Work request :: The response must consist of the lines below from the one with "#244=DIRECTION('',(0.,0.,1.));" through the one with "#294=EDGE_CURVE('E222',#293,#167,#291,.T.);", exactly as they appear and with both ends kept.

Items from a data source
──────────────────────────────

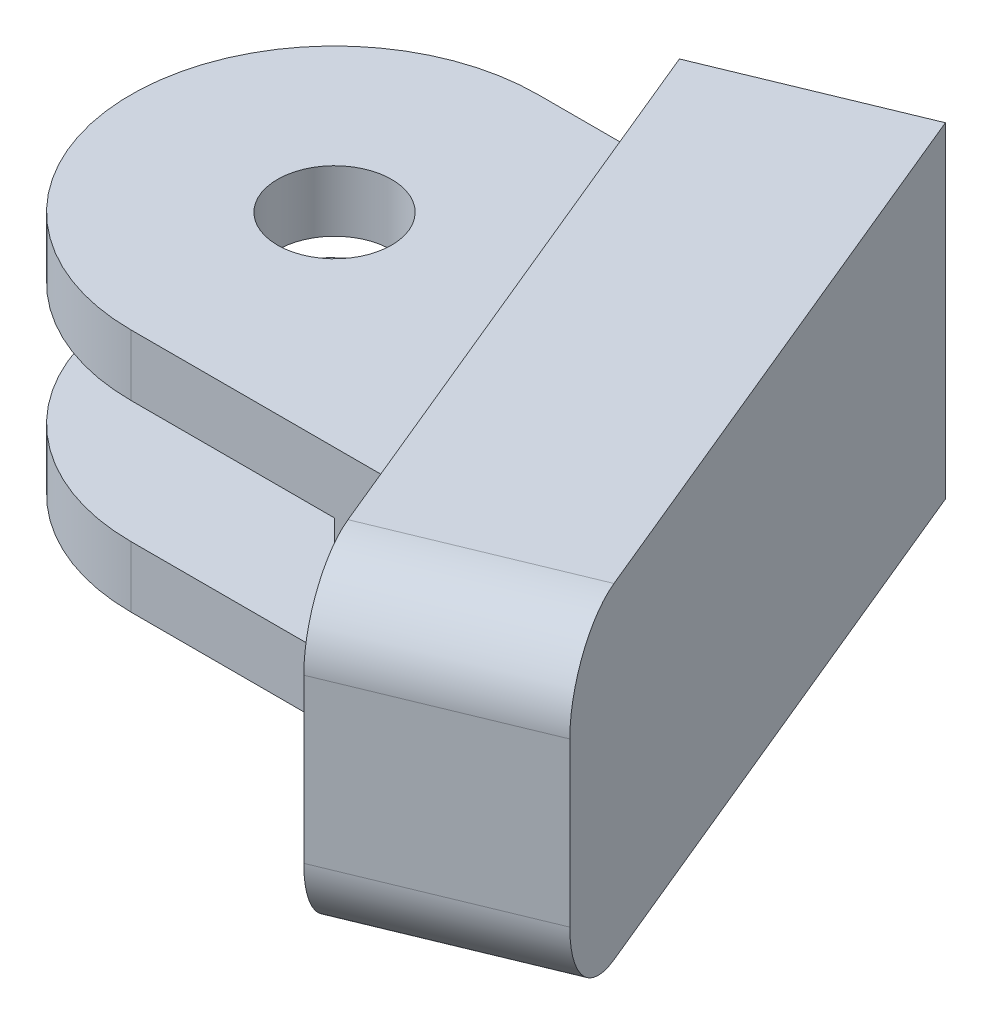
ISO-10303-21;
HEADER;
FILE_DESCRIPTION(('STEP AP214'),'2;1');
FILE_NAME('part.step','',(''),(''),'','','');
FILE_SCHEMA(('AUTOMOTIVE_DESIGN { 1 0 10303 214 1 1 1 1 }'));
ENDSEC;
DATA;
#1=APPLICATION_CONTEXT('core data for automotive mechanical design processes');
#2=APPLICATION_PROTOCOL_DEFINITION('international standard','automotive_design',2000,#1);
#3=PRODUCT_CONTEXT('',#1,'mechanical');
#4=PRODUCT('Part','Part','',(#3));
#5=PRODUCT_RELATED_PRODUCT_CATEGORY('part','',(#4));
#6=PRODUCT_DEFINITION_FORMATION('','',#4);
#7=PRODUCT_DEFINITION_CONTEXT('part definition',#1,'design');
#8=PRODUCT_DEFINITION('design','',#6,#7);
#9=PRODUCT_DEFINITION_SHAPE('','',#8);
#10=(LENGTH_UNIT() NAMED_UNIT(*) SI_UNIT(.MILLI.,.METRE.));
#11=(NAMED_UNIT(*) PLANE_ANGLE_UNIT() SI_UNIT($,.RADIAN.));
#12=(NAMED_UNIT(*) SI_UNIT($,.STERADIAN.) SOLID_ANGLE_UNIT());
#13=UNCERTAINTY_MEASURE_WITH_UNIT(LENGTH_MEASURE(1.E-05),#10,'distance_accuracy_value','');
#14=(GEOMETRIC_REPRESENTATION_CONTEXT(3) GLOBAL_UNCERTAINTY_ASSIGNED_CONTEXT((#13)) GLOBAL_UNIT_ASSIGNED_CONTEXT((#10,
#11,#12)) REPRESENTATION_CONTEXT('',''));
#15=CARTESIAN_POINT('',(0.,0.,0.));
#16=DIRECTION('',(0.,0.,1.));
#17=DIRECTION('',(1.,0.,0.));
#18=AXIS2_PLACEMENT_3D('',#15,#16,#17);
#19=CARTESIAN_POINT('',(0.,0.,0.));
#20=DIRECTION('',(-1.,0.,0.));
#21=DIRECTION('',(0.,0.,1.));
#22=AXIS2_PLACEMENT_3D('',#19,#20,#21);
#23=PLANE('',#22);
#24=DIRECTION('',(0.,0.,-1.));
#25=VECTOR('',#24,1.);
#26=CARTESIAN_POINT('',(0.,1.5,5.));
#27=LINE('',#26,#25);
#28=CARTESIAN_POINT('',(0.,1.5,5.));
#29=VERTEX_POINT('',#28);
#30=CARTESIAN_POINT('',(0.,1.5,3.31662479035541));
#31=VERTEX_POINT('',#30);
#32=EDGE_CURVE('E181',#29,#31,#27,.T.);
#33=ORIENTED_EDGE('',*,*,#32,.T.);
#34=DIRECTION('',(0.,1.,0.));
#35=VECTOR('',#34,1.);
#36=CARTESIAN_POINT('',(0.,-18.4705627484771,3.31662479035541));
#37=LINE('',#36,#35);
#38=CARTESIAN_POINT('',(0.,-1.5,3.31662479035541));
#39=VERTEX_POINT('',#38);
#40=EDGE_CURVE('E174',#31,#39,#37,.F.);
#41=ORIENTED_EDGE('',*,*,#40,.T.);
#42=DIRECTION('',(0.,0.,-1.));
#43=VECTOR('',#42,1.);
#44=CARTESIAN_POINT('',(0.,-1.5,5.));
#45=LINE('',#44,#43);
#46=CARTESIAN_POINT('',(0.,-1.5,5.));
#47=VERTEX_POINT('',#46);
#48=EDGE_CURVE('E172',#47,#39,#45,.T.);
#49=ORIENTED_EDGE('',*,*,#48,.F.);
#50=DIRECTION('',(0.,1.,0.));
#51=VECTOR('',#50,1.);
#52=CARTESIAN_POINT('',(0.,3.,5.));
#53=LINE('',#52,#51);
#54=EDGE_CURVE('E257',#47,#29,#53,.T.);
#55=ORIENTED_EDGE('',*,*,#54,.T.);
#56=EDGE_LOOP('',(#33,#41,#49,#55));
#57=FACE_BOUND('',#56,.T.);
#58=ADVANCED_FACE('F39',(#57),#23,.T.);
#59=CARTESIAN_POINT('',(2.7006271825177,-2.,7.37112643894407));
#60=DIRECTION('',(-0.924244626674477,0.,0.381800825121366));
#61=DIRECTION('',(0.381800825121366,0.,0.924244626674478));
#62=AXIS2_PLACEMENT_3D('',#59,#60,#61);
#63=PLANE('',#62);
#64=DIRECTION('',(0.,1.,0.));
#65=VECTOR('',#64,1.);
#66=CARTESIAN_POINT('',(-3.02638519430278,4.,-6.4925429611731));
#67=LINE('',#66,#65);
#68=CARTESIAN_POINT('',(-3.02638519430278,-4.,-6.4925429611731));
#69=VERTEX_POINT('',#68);
#70=CARTESIAN_POINT('',(-3.02638519430278,4.,-6.4925429611731));
#71=VERTEX_POINT('',#70);
#72=EDGE_CURVE('E296',#69,#71,#67,.T.);
#73=ORIENTED_EDGE('',*,*,#72,.F.);
#74=DIRECTION('',(-0.381800825121366,0.,-0.924244626674477));
#75=VECTOR('',#74,1.);
#76=CARTESIAN_POINT('',(2.7006271825177,-4.,7.37112643894405));
#77=LINE('',#76,#75);
#78=CARTESIAN_POINT('',(2.7006271825177,-4.,7.37112643894405));
#79=VERTEX_POINT('',#78);
#80=EDGE_CURVE('E278',#79,#69,#77,.T.);
#81=ORIENTED_EDGE('',*,*,#80,.F.);
#82=CARTESIAN_POINT('',(2.7006271825177,-2.,7.37112643894407));
#83=DIRECTION('',(0.924244626674477,0.,-0.381800825121366));
#84=DIRECTION('',(0.381800825121366,0.,0.924244626674478));
#85=AXIS2_PLACEMENT_3D('',#82,#83,#84);
#86=CIRCLE('',#85,2.);
#87=CARTESIAN_POINT('',(3.46422883276044,-2.,9.21961569229302));
#88=VERTEX_POINT('',#87);
#89=EDGE_CURVE('E320',#88,#79,#86,.T.);
#90=ORIENTED_EDGE('',*,*,#89,.F.);
#91=DIRECTION('',(0.,-1.,0.));
#92=VECTOR('',#91,1.);
#93=CARTESIAN_POINT('',(3.46422883276044,1.99999999999999,9.21961569229302));
#94=LINE('',#93,#92);
#95=CARTESIAN_POINT('',(3.46422883276044,1.99999999999999,9.21961569229302));
#96=VERTEX_POINT('',#95);
#97=EDGE_CURVE('E324',#96,#88,#94,.T.);
#98=ORIENTED_EDGE('',*,*,#97,.F.);
#99=CARTESIAN_POINT('',(2.70062718251771,2.,7.37112643894407));
#100=DIRECTION('',(0.924244626674477,0.,-0.381800825121366));
#101=DIRECTION('',(0.381800825121366,0.,0.924244626674478));
#102=AXIS2_PLACEMENT_3D('',#99,#100,#101);
#103=CIRCLE('',#102,2.);
#104=CARTESIAN_POINT('',(2.7006271825177,4.,7.37112643894405));
#105=VERTEX_POINT('',#104);
#106=EDGE_CURVE('E328',#105,#96,#103,.T.);
#107=ORIENTED_EDGE('',*,*,#106,.F.);
#108=DIRECTION('',(0.381800825121366,0.,0.924244626674478));
#109=VECTOR('',#108,1.);
#110=CARTESIAN_POINT('',(2.7006271825177,4.,7.37112643894405));
#111=LINE('',#110,#109);
#112=EDGE_CURVE('E332',#71,#105,#111,.T.);
#113=ORIENTED_EDGE('',*,*,#112,.F.);
#114=EDGE_LOOP('',(#73,#81,#90,#98,#107,#113));
#115=FACE_BOUND('',#114,.T.);
#116=DIRECTION('',(0.,1.,0.));
#117=VECTOR('',#116,1.);
#118=CARTESIAN_POINT('',(-2.61949240958185,-18.4705627484771,-5.50755695494487));
#119=LINE('',#118,#117);
#120=CARTESIAN_POINT('',(-2.61949240958185,-1.5,-5.50755695494487));
#121=VERTEX_POINT('',#120);
#122=CARTESIAN_POINT('',(-2.61949240958185,1.5,-5.50755695494487));
#123=VERTEX_POINT('',#122);
#124=EDGE_CURVE('E48',#121,#123,#119,.T.);
#125=ORIENTED_EDGE('',*,*,#124,.T.);
#126=DIRECTION('',(0.381800825121366,0.,0.924244626674478));
#127=VECTOR('',#126,1.);
#128=CARTESIAN_POINT('',(2.7006271825177,1.5,7.37112643894407));
#129=LINE('',#128,#127);
#130=CARTESIAN_POINT('',(-2.40982317418434,1.5,-4.99999999999724));
#131=VERTEX_POINT('',#130);
#132=EDGE_CURVE('E11',#123,#131,#129,.T.);
#133=ORIENTED_EDGE('',*,*,#132,.T.);
#134=DIRECTION('',(0.,-1.,0.));
#135=VECTOR('',#134,1.);
#136=CARTESIAN_POINT('',(-2.40982317418548,0.,-5.));
#137=LINE('',#136,#135);
#138=CARTESIAN_POINT('',(-2.40982317418315,3.,-4.99999999999773));
#139=VERTEX_POINT('',#138);
#140=EDGE_CURVE('E270',#139,#131,#137,.T.);
#141=ORIENTED_EDGE('',*,*,#140,.F.);
#142=DIRECTION('',(-0.381800825121366,0.,-0.924244626674478));
#143=VECTOR('',#142,1.);
#144=CARTESIAN_POINT('',(-72887.9935704214,3.,-176442.83016711));
#145=LINE('',#144,#143);
#146=CARTESIAN_POINT('',(1.72112672912306,3.,4.99999999998352));
#147=VERTEX_POINT('',#146);
#148=EDGE_CURVE('E55',#147,#139,#145,.T.);
#149=ORIENTED_EDGE('',*,*,#148,.F.);
#150=DIRECTION('',(0.,-1.,0.));
#151=VECTOR('',#150,1.);
#152=CARTESIAN_POINT('',(1.72112672914393,0.,5.));
#153=LINE('',#152,#151);
#154=CARTESIAN_POINT('',(1.72112672912306,-3.,4.99999999998352));
#155=VERTEX_POINT('',#154);
#156=EDGE_CURVE('E63',#147,#155,#153,.T.);
#157=ORIENTED_EDGE('',*,*,#156,.T.);
#158=DIRECTION('',(0.381800825121366,0.,0.924244626674478));
#159=VECTOR('',#158,1.);
#160=CARTESIAN_POINT('',(-72887.9935704214,-3.,-176442.83016711));
#161=LINE('',#160,#159);
#162=CARTESIAN_POINT('',(-2.40982317418315,-3.,-4.99999999999773));
#163=VERTEX_POINT('',#162);
#164=EDGE_CURVE('E267',#163,#155,#161,.T.);
#165=ORIENTED_EDGE('',*,*,#164,.F.);
#166=CARTESIAN_POINT('',(-2.40982317418315,-1.5,-4.99999999999773));
#167=VERTEX_POINT('',#166);
#168=EDGE_CURVE('E179',#167,#163,#137,.T.);
#169=ORIENTED_EDGE('',*,*,#168,.F.);
#170=DIRECTION('',(0.381800825121366,0.,0.924244626674478));
#171=VECTOR('',#170,1.);
#172=CARTESIAN_POINT('',(2.7006271825177,-1.5,7.37112643894407));
#173=LINE('',#172,#171);
#174=EDGE_CURVE('E164',#121,#167,#173,.T.);
#175=ORIENTED_EDGE('',*,*,#174,.F.);
#176=EDGE_LOOP('',(#125,#133,#141,#149,#157,#165,#169,#175));
#177=FACE_BOUND('',#176,.T.);
#178=ADVANCED_FACE('F177',(#115,#177),#63,.T.);
#179=CARTESIAN_POINT('',(0.,0.,-5.));
#180=DIRECTION('',(0.,0.,1.));
#181=DIRECTION('',(1.,0.,0.));
#182=AXIS2_PLACEMENT_3D('',#179,#180,#181);
#183=PLANE('',#182);
#184=DIRECTION('',(1.,0.,0.));
#185=VECTOR('',#184,1.);
#186=CARTESIAN_POINT('',(-500000.,3.,-5.));
#187=LINE('',#186,#185);
#188=CARTESIAN_POINT('',(-5.,3.,-5.));
#189=VERTEX_POINT('',#188);
#190=EDGE_CURVE('E189',#189,#139,#187,.T.);
#191=ORIENTED_EDGE('',*,*,#190,.T.);
#192=ORIENTED_EDGE('',*,*,#140,.T.);
#193=DIRECTION('',(1.,0.,0.));
#194=VECTOR('',#193,1.);
#195=CARTESIAN_POINT('',(-500000.,1.5,-5.));
#196=LINE('',#195,#194);
#197=CARTESIAN_POINT('',(-5.,1.5,-5.));
#198=VERTEX_POINT('',#197);
#199=EDGE_CURVE('E192',#198,#131,#196,.T.);
#200=ORIENTED_EDGE('',*,*,#199,.F.);
#201=DIRECTION('',(0.,-1.,0.));
#202=VECTOR('',#201,1.);
#203=CARTESIAN_POINT('',(-5.,3.,-5.));
#204=LINE('',#203,#202);
#205=EDGE_CURVE('E196',#198,#189,#204,.F.);
#206=ORIENTED_EDGE('',*,*,#205,.T.);
#207=EDGE_LOOP('',(#191,#192,#200,#206));
#208=FACE_BOUND('',#207,.T.);
#209=ADVANCED_FACE('F359',(#208),#183,.F.);
#210=CARTESIAN_POINT('',(-5.,3.,0.));
#211=DIRECTION('',(0.,-1.,0.));
#212=DIRECTION('',(0.,0.,-1.));
#213=AXIS2_PLACEMENT_3D('',#210,#211,#212);
#214=CYLINDRICAL_SURFACE('',#213,5.);
#215=DIRECTION('',(0.,-1.,0.));
#216=VECTOR('',#215,1.);
#217=CARTESIAN_POINT('',(-5.,3.,5.));
#218=LINE('',#217,#216);
#219=CARTESIAN_POINT('',(-5.,1.5,5.));
#220=VERTEX_POINT('',#219);
#221=CARTESIAN_POINT('',(-5.,3.,5.));
#222=VERTEX_POINT('',#221);
#223=EDGE_CURVE('E212',#220,#222,#218,.F.);
#224=ORIENTED_EDGE('',*,*,#223,.T.);
#225=CARTESIAN_POINT('',(-5.,3.,0.));
#226=DIRECTION('',(0.,1.,0.));
#227=DIRECTION('',(0.,0.,1.));
#228=AXIS2_PLACEMENT_3D('',#225,#226,#227);
#229=CIRCLE('',#228,5.);
#230=EDGE_CURVE('E200',#189,#222,#229,.T.);
#231=ORIENTED_EDGE('',*,*,#230,.F.);
#232=ORIENTED_EDGE('',*,*,#205,.F.);
#233=CARTESIAN_POINT('',(-5.,1.5,0.));
#234=DIRECTION('',(0.,1.,0.));
#235=DIRECTION('',(0.,0.,1.));
#236=AXIS2_PLACEMENT_3D('',#233,#234,#235);
#237=CIRCLE('',#236,5.);
#238=EDGE_CURVE('E201',#198,#220,#237,.T.);
#239=ORIENTED_EDGE('',*,*,#238,.T.);
#240=EDGE_LOOP('',(#224,#231,#232,#239));
#241=FACE_BOUND('',#240,.T.);
#242=ADVANCED_FACE('F356',(#241),#214,.T.);
#243=CARTESIAN_POINT('',(0.,0.,5.));
#244=DIRECTION('',(0.,0.,1.));
#245=DIRECTION('',(1.,0.,0.));
#246=AXIS2_PLACEMENT_3D('',#243,#244,#245);
#247=PLANE('',#246);
#248=ORIENTED_EDGE('',*,*,#156,.F.);
#249=DIRECTION('',(1.,0.,0.));
#250=VECTOR('',#249,1.);
#251=CARTESIAN_POINT('',(-500000.,3.,5.));
#252=LINE('',#251,#250);
#253=EDGE_CURVE('E219',#222,#147,#252,.T.);
#254=ORIENTED_EDGE('',*,*,#253,.F.);
#255=ORIENTED_EDGE('',*,*,#223,.F.);
#256=DIRECTION('',(1.,0.,0.));
#257=VECTOR('',#256,1.);
#258=CARTESIAN_POINT('',(-500000.,1.5,5.));
#259=LINE('',#258,#257);
#260=EDGE_CURVE('E216',#220,#29,#259,.T.);
#261=ORIENTED_EDGE('',*,*,#260,.T.);
#262=ORIENTED_EDGE('',*,*,#54,.F.);
#263=DIRECTION('',(1.,0.,0.));
#264=VECTOR('',#263,1.);
#265=CARTESIAN_POINT('',(-500000.,-1.5,5.));
#266=LINE('',#265,#264);
#267=CARTESIAN_POINT('',(-5.,-1.5,5.));
#268=VERTEX_POINT('',#267);
#269=EDGE_CURVE('E254',#268,#47,#266,.T.);
#270=ORIENTED_EDGE('',*,*,#269,.F.);
#271=DIRECTION('',(0.,1.,0.));
#272=VECTOR('',#271,1.);
#273=CARTESIAN_POINT('',(-5.,-3.,5.));
#274=LINE('',#273,#272);
#275=CARTESIAN_POINT('',(-5.,-3.,5.));
#276=VERTEX_POINT('',#275);
#277=EDGE_CURVE('E247',#276,#268,#274,.T.);
#278=ORIENTED_EDGE('',*,*,#277,.F.);
#279=DIRECTION('',(1.,0.,0.));
#280=VECTOR('',#279,1.);
#281=CARTESIAN_POINT('',(-500000.,-3.,5.));
#282=LINE('',#281,#280);
#283=EDGE_CURVE('E251',#276,#155,#282,.T.);
#284=ORIENTED_EDGE('',*,*,#283,.T.);
#285=EDGE_LOOP('',(#248,#254,#255,#261,#262,#270,#278,#284));
#286=FACE_BOUND('',#285,.T.);
#287=ADVANCED_FACE('F350',(#286),#247,.T.);
#288=DIRECTION('',(1.,0.,0.));
#289=VECTOR('',#288,1.);
#290=CARTESIAN_POINT('',(-500000.,-1.5,-5.));
#291=LINE('',#290,#289);
#292=CARTESIAN_POINT('',(-5.,-1.5,-5.));
#293=VERTEX_POINT('',#292);
#294=EDGE_CURVE('E222',#293,#167,#291,.T.);
#295=ORIENTED_EDGE('',*,*,#294,.T.);
#296=ORIENTED_EDGE('',*,*,#168,.T.);
#297=DIRECTION('',(1.,0.,0.));
#298=VECTOR('',#297,1.);
#299=CARTESIAN_POINT('',(-500000.,-3.,-5.));
#300=LINE('',#299,#298);
#301=CARTESIAN_POINT('',(-5.,-3.,-5.));
#302=VERTEX_POINT('',#301);
#303=EDGE_CURVE('E227',#302,#163,#300,.T.);
#304=ORIENTED_EDGE('',*,*,#303,.F.);
#305=DIRECTION('',(0.,1.,0.));
#306=VECTOR('',#305,1.);
#307=CARTESIAN_POINT('',(-5.,-3.,-5.));
#308=LINE('',#307,#306);
#309=EDGE_CURVE('E231',#302,#293,#308,.T.);
#310=ORIENTED_EDGE('',*,*,#309,.T.);
#311=EDGE_LOOP('',(#295,#296,#304,#310));
#312=FACE_BOUND('',#311,.T.);
#313=ADVANCED_FACE('F41',(#312),#183,.F.);
#314=CARTESIAN_POINT('',(-500000.,3.,-5.));
#315=DIRECTION('',(0.,-1.,0.));
#316=DIRECTION('',(0.,0.,-1.));
#317=AXIS2_PLACEMENT_3D('',#314,#315,#316);
#318=PLANE('',#317);
#319=ORIENTED_EDGE('',*,*,#253,.T.);
#320=ORIENTED_EDGE('',*,*,#148,.T.);
#321=ORIENTED_EDGE('',*,*,#190,.F.);
#322=ORIENTED_EDGE('',*,*,#230,.T.);
#323=EDGE_LOOP('',(#319,#320,#321,#322));
#324=FACE_BOUND('',#323,.T.);
#325=CARTESIAN_POINT('',(-5.,3.,0.));
#326=DIRECTION('',(0.,1.,0.));
#327=DIRECTION('',(0.,0.,1.));
#328=AXIS2_PLACEMENT_3D('',#325,#326,#327);
#329=CIRCLE('',#328,1.4);
#330=CARTESIAN_POINT('',(-5.,3.,1.4));
#331=VERTEX_POINT('',#330);
#332=EDGE_CURVE('E204',#331,#331,#329,.T.);
#333=ORIENTED_EDGE('',*,*,#332,.F.);
#334=EDGE_LOOP('',(#333));
#335=FACE_BOUND('',#334,.T.);
#336=ADVANCED_FACE('F372',(#324,#335),#318,.F.);
#337=CARTESIAN_POINT('',(-500000.,1.5,-5.));
#338=DIRECTION('',(0.,1.,0.));
#339=DIRECTION('',(0.,0.,1.));
#340=AXIS2_PLACEMENT_3D('',#337,#338,#339);
#341=PLANE('',#340);
#342=ORIENTED_EDGE('',*,*,#32,.F.);
#343=ORIENTED_EDGE('',*,*,#260,.F.);
#344=ORIENTED_EDGE('',*,*,#238,.F.);
#345=ORIENTED_EDGE('',*,*,#199,.T.);
#346=ORIENTED_EDGE('',*,*,#132,.F.);
#347=CARTESIAN_POINT('',(-5.,1.5,0.));
#348=DIRECTION('',(0.,-1.,0.));
#349=DIRECTION('',(0.,0.,-1.));
#350=AXIS2_PLACEMENT_3D('',#347,#348,#349);
#351=CIRCLE('',#350,6.);
#352=EDGE_CURVE('E160',#123,#31,#351,.T.);
#353=ORIENTED_EDGE('',*,*,#352,.T.);
#354=EDGE_LOOP('',(#342,#343,#344,#345,#346,#353));
#355=FACE_BOUND('',#354,.T.);
#356=CARTESIAN_POINT('',(-5.,1.5,0.));
#357=DIRECTION('',(0.,1.,0.));
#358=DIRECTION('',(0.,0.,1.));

──────────────────────────────

Result below ::
#244=DIRECTION('',(0.,0.,1.));
#245=DIRECTION('',(1.,0.,0.));
#246=AXIS2_PLACEMENT_3D('',#243,#244,#245);
#247=PLANE('',#246);
#248=ORIENTED_EDGE('',*,*,#156,.F.);
#249=DIRECTION('',(1.,0.,0.));
#250=VECTOR('',#249,1.);
#251=CARTESIAN_POINT('',(-500000.,3.,5.));
#252=LINE('',#251,#250);
#253=EDGE_CURVE('E219',#222,#147,#252,.T.);
#254=ORIENTED_EDGE('',*,*,#253,.F.);
#255=ORIENTED_EDGE('',*,*,#223,.F.);
#256=DIRECTION('',(1.,0.,0.));
#257=VECTOR('',#256,1.);
#258=CARTESIAN_POINT('',(-500000.,1.5,5.));
#259=LINE('',#258,#257);
#260=EDGE_CURVE('E216',#220,#29,#259,.T.);
#261=ORIENTED_EDGE('',*,*,#260,.T.);
#262=ORIENTED_EDGE('',*,*,#54,.F.);
#263=DIRECTION('',(1.,0.,0.));
#264=VECTOR('',#263,1.);
#265=CARTESIAN_POINT('',(-500000.,-1.5,5.));
#266=LINE('',#265,#264);
#267=CARTESIAN_POINT('',(-5.,-1.5,5.));
#268=VERTEX_POINT('',#267);
#269=EDGE_CURVE('E254',#268,#47,#266,.T.);
#270=ORIENTED_EDGE('',*,*,#269,.F.);
#271=DIRECTION('',(0.,1.,0.));
#272=VECTOR('',#271,1.);
#273=CARTESIAN_POINT('',(-5.,-3.,5.));
#274=LINE('',#273,#272);
#275=CARTESIAN_POINT('',(-5.,-3.,5.));
#276=VERTEX_POINT('',#275);
#277=EDGE_CURVE('E247',#276,#268,#274,.T.);
#278=ORIENTED_EDGE('',*,*,#277,.F.);
#279=DIRECTION('',(1.,0.,0.));
#280=VECTOR('',#279,1.);
#281=CARTESIAN_POINT('',(-500000.,-3.,5.));
#282=LINE('',#281,#280);
#283=EDGE_CURVE('E251',#276,#155,#282,.T.);
#284=ORIENTED_EDGE('',*,*,#283,.T.);
#285=EDGE_LOOP('',(#248,#254,#255,#261,#262,#270,#278,#284));
#286=FACE_BOUND('',#285,.T.);
#287=ADVANCED_FACE('F350',(#286),#247,.T.);
#288=DIRECTION('',(1.,0.,0.));
#289=VECTOR('',#288,1.);
#290=CARTESIAN_POINT('',(-500000.,-1.5,-5.));
#291=LINE('',#290,#289);
#292=CARTESIAN_POINT('',(-5.,-1.5,-5.));
#293=VERTEX_POINT('',#292);
#294=EDGE_CURVE('E222',#293,#167,#291,.T.);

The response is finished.